* _Problem details_
After finding the line containing "#198=VERTEX_POINT('',#197);" below, please output that line and each following one through the line containing "#204=CARTESIAN_POINT('',(0.,0.,-1.79999999999999));", exactly as written.

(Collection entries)
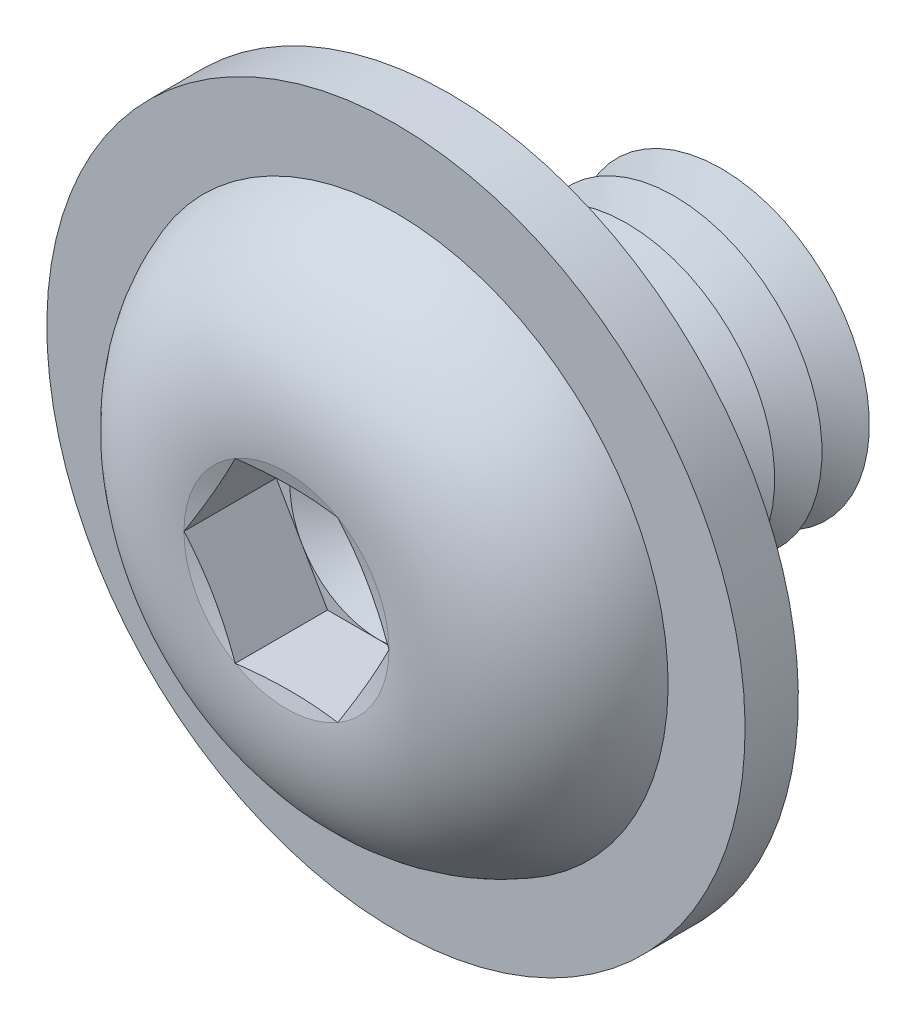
ISO-10303-21;
HEADER;
FILE_DESCRIPTION(('STEP AP214'),'2;1');
FILE_NAME('part.step','',(''),(''),'','','');
FILE_SCHEMA(('AUTOMOTIVE_DESIGN { 1 0 10303 214 1 1 1 1 }'));
ENDSEC;
DATA;
#1=APPLICATION_CONTEXT('core data for automotive mechanical design processes');
#2=APPLICATION_PROTOCOL_DEFINITION('international standard','automotive_design',2000,#1);
#3=PRODUCT_CONTEXT('',#1,'mechanical');
#4=PRODUCT('Part','Part','',(#3));
#5=PRODUCT_RELATED_PRODUCT_CATEGORY('part','',(#4));
#6=PRODUCT_DEFINITION_FORMATION('','',#4);
#7=PRODUCT_DEFINITION_CONTEXT('part definition',#1,'design');
#8=PRODUCT_DEFINITION('design','',#6,#7);
#9=PRODUCT_DEFINITION_SHAPE('','',#8);
#10=(LENGTH_UNIT() NAMED_UNIT(*) SI_UNIT(.MILLI.,.METRE.));
#11=(NAMED_UNIT(*) PLANE_ANGLE_UNIT() SI_UNIT($,.RADIAN.));
#12=(NAMED_UNIT(*) SI_UNIT($,.STERADIAN.) SOLID_ANGLE_UNIT());
#13=UNCERTAINTY_MEASURE_WITH_UNIT(LENGTH_MEASURE(1.E-05),#10,'distance_accuracy_value','');
#14=(GEOMETRIC_REPRESENTATION_CONTEXT(3) GLOBAL_UNCERTAINTY_ASSIGNED_CONTEXT((#13)) GLOBAL_UNIT_ASSIGNED_CONTEXT((#10,
#11,#12)) REPRESENTATION_CONTEXT('',''));
#15=CARTESIAN_POINT('',(0.,0.,0.));
#16=DIRECTION('',(0.,0.,1.));
#17=DIRECTION('',(1.,0.,0.));
#18=AXIS2_PLACEMENT_3D('',#15,#16,#17);
#19=CARTESIAN_POINT('',(0.,0.,-2.19999999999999));
#20=DIRECTION('',(0.,0.,1.));
#21=DIRECTION('',(0.,-1.,0.));
#22=AXIS2_PLACEMENT_3D('',#19,#20,#21);
#23=CONICAL_SURFACE('',#22,2.49999999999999,1.0471975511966);
#24=CARTESIAN_POINT('',(0.,0.,-2.59999999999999));
#25=DIRECTION('',(0.,0.,1.));
#26=DIRECTION('',(0.,-1.,0.));
#27=AXIS2_PLACEMENT_3D('',#24,#25,#26);
#28=CIRCLE('',#27,1.80717967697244);
#29=CARTESIAN_POINT('',(0.,-1.80717967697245,-2.59999999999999));
#30=VERTEX_POINT('',#29);
#31=EDGE_CURVE('E257',#30,#30,#28,.T.);
#32=ORIENTED_EDGE('',*,*,#31,.T.);
#33=EDGE_LOOP('',(#32));
#34=FACE_BOUND('',#33,.T.);
#35=CARTESIAN_POINT('',(0.,0.,-2.2));
#36=DIRECTION('',(0.,0.,1.));
#37=DIRECTION('',(0.,-1.,0.));
#38=AXIS2_PLACEMENT_3D('',#35,#36,#37);
#39=CIRCLE('',#38,2.49999999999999);
#40=CARTESIAN_POINT('',(0.,-2.5,-2.2));
#41=VERTEX_POINT('',#40);
#42=EDGE_CURVE('E253',#41,#41,#39,.T.);
#43=ORIENTED_EDGE('',*,*,#42,.F.);
#44=EDGE_LOOP('',(#43));
#45=FACE_BOUND('',#44,.T.);
#46=ADVANCED_FACE('F39',(#34,#45),#23,.T.);
#47=CARTESIAN_POINT('',(0.,0.,-2.59999999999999));
#48=DIRECTION('',(0.,0.,-1.));
#49=DIRECTION('',(0.,1.,0.));
#50=AXIS2_PLACEMENT_3D('',#47,#48,#49);
#51=CONICAL_SURFACE('',#50,1.80717967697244,1.04719755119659);
#52=CARTESIAN_POINT('',(0.,0.,-3.));
#53=DIRECTION('',(0.,0.,1.));
#54=DIRECTION('',(0.,-1.,0.));
#55=AXIS2_PLACEMENT_3D('',#52,#53,#54);
#56=CIRCLE('',#55,2.49999999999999);
#57=CARTESIAN_POINT('',(0.,-2.5,-3.));
#58=VERTEX_POINT('',#57);
#59=EDGE_CURVE('E261',#58,#58,#56,.T.);
#60=ORIENTED_EDGE('',*,*,#59,.T.);
#61=EDGE_LOOP('',(#60));
#62=FACE_BOUND('',#61,.T.);
#63=ORIENTED_EDGE('',*,*,#31,.F.);
#64=EDGE_LOOP('',(#63));
#65=FACE_BOUND('',#64,.T.);
#66=ADVANCED_FACE('F381',(#62,#65),#51,.T.);
#67=CARTESIAN_POINT('',(0.,2.49999999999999,-4.99999999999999));
#68=DIRECTION('',(0.,0.,-1.));
#69=DIRECTION('',(0.,1.,0.));
#70=AXIS2_PLACEMENT_3D('',#67,#68,#69);
#71=PLANE('',#70);
#72=CARTESIAN_POINT('',(0.,0.,-4.99999999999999));
#73=DIRECTION('',(0.,0.,1.));
#74=DIRECTION('',(0.,-1.,0.));
#75=AXIS2_PLACEMENT_3D('',#72,#73,#74);
#76=CIRCLE('',#75,1.80717967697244);
#77=CARTESIAN_POINT('',(0.,-1.80717967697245,-4.99999999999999));
#78=VERTEX_POINT('',#77);
#79=EDGE_CURVE('E281',#78,#78,#76,.T.);
#80=ORIENTED_EDGE('',*,*,#79,.F.);
#81=EDGE_LOOP('',(#80));
#82=FACE_BOUND('',#81,.T.);
#83=ADVANCED_FACE('F387',(#82),#71,.T.);
#84=CARTESIAN_POINT('',(0.,0.,-4.59999999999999));
#85=DIRECTION('',(0.,0.,1.));
#86=DIRECTION('',(0.,-1.,0.));
#87=AXIS2_PLACEMENT_3D('',#84,#85,#86);
#88=CONICAL_SURFACE('',#87,2.49999999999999,1.0471975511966);
#89=ORIENTED_EDGE('',*,*,#79,.T.);
#90=EDGE_LOOP('',(#89));
#91=FACE_BOUND('',#90,.T.);
#92=CARTESIAN_POINT('',(0.,0.,-4.6));
#93=DIRECTION('',(0.,0.,1.));
#94=DIRECTION('',(0.,-1.,0.));
#95=AXIS2_PLACEMENT_3D('',#92,#93,#94);
#96=CIRCLE('',#95,2.49999999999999);
#97=CARTESIAN_POINT('',(0.,-2.5,-4.6));
#98=VERTEX_POINT('',#97);
#99=EDGE_CURVE('E277',#98,#98,#96,.T.);
#100=ORIENTED_EDGE('',*,*,#99,.F.);
#101=EDGE_LOOP('',(#100));
#102=FACE_BOUND('',#101,.T.);
#103=ADVANCED_FACE('F406',(#91,#102),#88,.T.);
#104=CARTESIAN_POINT('',(0.,0.,-4.19999999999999));
#105=DIRECTION('',(0.,0.,-1.));
#106=DIRECTION('',(0.,1.,0.));
#107=AXIS2_PLACEMENT_3D('',#104,#105,#106);
#108=CONICAL_SURFACE('',#107,1.80717967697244,1.04719755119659);
#109=ORIENTED_EDGE('',*,*,#99,.T.);
#110=EDGE_LOOP('',(#109));
#111=FACE_BOUND('',#110,.T.);
#112=CARTESIAN_POINT('',(0.,0.,-4.19999999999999));
#113=DIRECTION('',(0.,0.,1.));
#114=DIRECTION('',(0.,-1.,0.));
#115=AXIS2_PLACEMENT_3D('',#112,#113,#114);
#116=CIRCLE('',#115,1.80717967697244);
#117=CARTESIAN_POINT('',(0.,-1.80717967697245,-4.19999999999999));
#118=VERTEX_POINT('',#117);
#119=EDGE_CURVE('E273',#118,#118,#116,.T.);
#120=ORIENTED_EDGE('',*,*,#119,.F.);
#121=EDGE_LOOP('',(#120));
#122=FACE_BOUND('',#121,.T.);
#123=ADVANCED_FACE('F403',(#111,#122),#108,.T.);
#124=CARTESIAN_POINT('',(0.,0.,-3.79999999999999));
#125=DIRECTION('',(0.,0.,1.));
#126=DIRECTION('',(0.,-1.,0.));
#127=AXIS2_PLACEMENT_3D('',#124,#125,#126);
#128=CONICAL_SURFACE('',#127,2.49999999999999,1.0471975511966);
#129=ORIENTED_EDGE('',*,*,#119,.T.);
#130=EDGE_LOOP('',(#129));
#131=FACE_BOUND('',#130,.T.);
#132=CARTESIAN_POINT('',(0.,0.,-3.8));
#133=DIRECTION('',(0.,0.,1.));
#134=DIRECTION('',(0.,-1.,0.));
#135=AXIS2_PLACEMENT_3D('',#132,#133,#134);
#136=CIRCLE('',#135,2.49999999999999);
#137=CARTESIAN_POINT('',(0.,-2.5,-3.8));
#138=VERTEX_POINT('',#137);
#139=EDGE_CURVE('E269',#138,#138,#136,.T.);
#140=ORIENTED_EDGE('',*,*,#139,.F.);
#141=EDGE_LOOP('',(#140));
#142=FACE_BOUND('',#141,.T.);
#143=ADVANCED_FACE('F397',(#131,#142),#128,.T.);
#144=CARTESIAN_POINT('',(0.,0.,-3.39999999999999));
#145=DIRECTION('',(0.,0.,-1.));
#146=DIRECTION('',(0.,1.,0.));
#147=AXIS2_PLACEMENT_3D('',#144,#145,#146);
#148=CONICAL_SURFACE('',#147,1.80717967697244,1.04719755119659);
#149=ORIENTED_EDGE('',*,*,#139,.T.);
#150=EDGE_LOOP('',(#149));
#151=FACE_BOUND('',#150,.T.);
#152=CARTESIAN_POINT('',(0.,0.,-3.39999999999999));
#153=DIRECTION('',(0.,0.,1.));
#154=DIRECTION('',(0.,-1.,0.));
#155=AXIS2_PLACEMENT_3D('',#152,#153,#154);
#156=CIRCLE('',#155,1.80717967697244);
#157=CARTESIAN_POINT('',(0.,-1.80717967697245,-3.39999999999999));
#158=VERTEX_POINT('',#157);
#159=EDGE_CURVE('E265',#158,#158,#156,.T.);
#160=ORIENTED_EDGE('',*,*,#159,.F.);
#161=EDGE_LOOP('',(#160));
#162=FACE_BOUND('',#161,.T.);
#163=ADVANCED_FACE('F393',(#151,#162),#148,.T.);
#164=CARTESIAN_POINT('',(0.,0.,-2.99999999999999));
#165=DIRECTION('',(0.,0.,1.));
#166=DIRECTION('',(0.,-1.,0.));
#167=AXIS2_PLACEMENT_3D('',#164,#165,#166);
#168=CONICAL_SURFACE('',#167,2.49999999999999,1.0471975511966);
#169=ORIENTED_EDGE('',*,*,#159,.T.);
#170=EDGE_LOOP('',(#169));
#171=FACE_BOUND('',#170,.T.);
#172=ORIENTED_EDGE('',*,*,#59,.F.);
#173=EDGE_LOOP('',(#172));
#174=FACE_BOUND('',#173,.T.);
#175=ADVANCED_FACE('F396',(#171,#174),#168,.T.);
#176=CARTESIAN_POINT('',(0.,0.,-1.39999999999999));
#177=DIRECTION('',(0.,0.,1.));
#178=DIRECTION('',(0.,-1.,0.));
#179=AXIS2_PLACEMENT_3D('',#176,#177,#178);
#180=CONICAL_SURFACE('',#179,2.49999999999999,1.0471975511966);
#181=CARTESIAN_POINT('',(0.,0.,-1.79999999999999));
#182=DIRECTION('',(0.,0.,1.));
#183=DIRECTION('',(0.,-1.,0.));
#184=AXIS2_PLACEMENT_3D('',#181,#182,#183);
#185=CIRCLE('',#184,1.80717967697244);
#186=CARTESIAN_POINT('',(0.,-1.80717967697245,-1.79999999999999));
#187=VERTEX_POINT('',#186);
#188=EDGE_CURVE('E249',#187,#187,#185,.T.);
#189=ORIENTED_EDGE('',*,*,#188,.T.);
#190=EDGE_LOOP('',(#189));
#191=FACE_BOUND('',#190,.T.);
#192=CARTESIAN_POINT('',(0.,0.,-1.4));
#193=DIRECTION('',(0.,0.,1.));
#194=DIRECTION('',(0.,-1.,0.));
#195=AXIS2_PLACEMENT_3D('',#192,#193,#194);
#196=CIRCLE('',#195,2.49999999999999);
#197=CARTESIAN_POINT('',(0.,-2.5,-1.4));
#198=VERTEX_POINT('',#197);
#199=EDGE_CURVE('E241',#198,#198,#196,.T.);
#200=ORIENTED_EDGE('',*,*,#199,.F.);
#201=EDGE_LOOP('',(#200));
#202=FACE_BOUND('',#201,.T.);
#203=ADVANCED_FACE('F401',(#191,#202),#180,.T.);
#204=CARTESIAN_POINT('',(0.,0.,-1.79999999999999));
#205=DIRECTION('',(0.,0.,-1.));
#206=DIRECTION('',(0.,1.,0.));
#207=AXIS2_PLACEMENT_3D('',#204,#205,#206);
#208=CONICAL_SURFACE('',#207,1.80717967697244,1.04719755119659);
#209=ORIENTED_EDGE('',*,*,#42,.T.);
#210=EDGE_LOOP('',(#209));
#211=FACE_BOUND('',#210,.T.);
#212=ORIENTED_EDGE('',*,*,#188,.F.);
#213=EDGE_LOOP('',(#212));
#214=FACE_BOUND('',#213,.T.);
#215=ADVANCED_FACE('F452',(#211,#214),#208,.T.);
#216=CARTESIAN_POINT('',(0.,0.,-0.599999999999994));
#217=DIRECTION('',(0.,0.,1.));
#218=DIRECTION('',(0.,-1.,0.));
#219=AXIS2_PLACEMENT_3D('',#216,#217,#218);
#220=CONICAL_SURFACE('',#219,2.49999999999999,1.0471975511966);
#221=CARTESIAN_POINT('',(0.,0.,-0.999999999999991));
#222=DIRECTION('',(0.,0.,1.));
#223=DIRECTION('',(0.,-1.,0.));
#224=AXIS2_PLACEMENT_3D('',#221,#222,#223);
#225=CIRCLE('',#224,1.80717967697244);
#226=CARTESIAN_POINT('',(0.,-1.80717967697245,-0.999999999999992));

* _Task result_
#198=VERTEX_POINT('',#197);
#199=EDGE_CURVE('E241',#198,#198,#196,.T.);
#200=ORIENTED_EDGE('',*,*,#199,.F.);
#201=EDGE_LOOP('',(#200));
#202=FACE_BOUND('',#201,.T.);
#203=ADVANCED_FACE('F401',(#191,#202),#180,.T.);
#204=CARTESIAN_POINT('',(0.,0.,-1.79999999999999));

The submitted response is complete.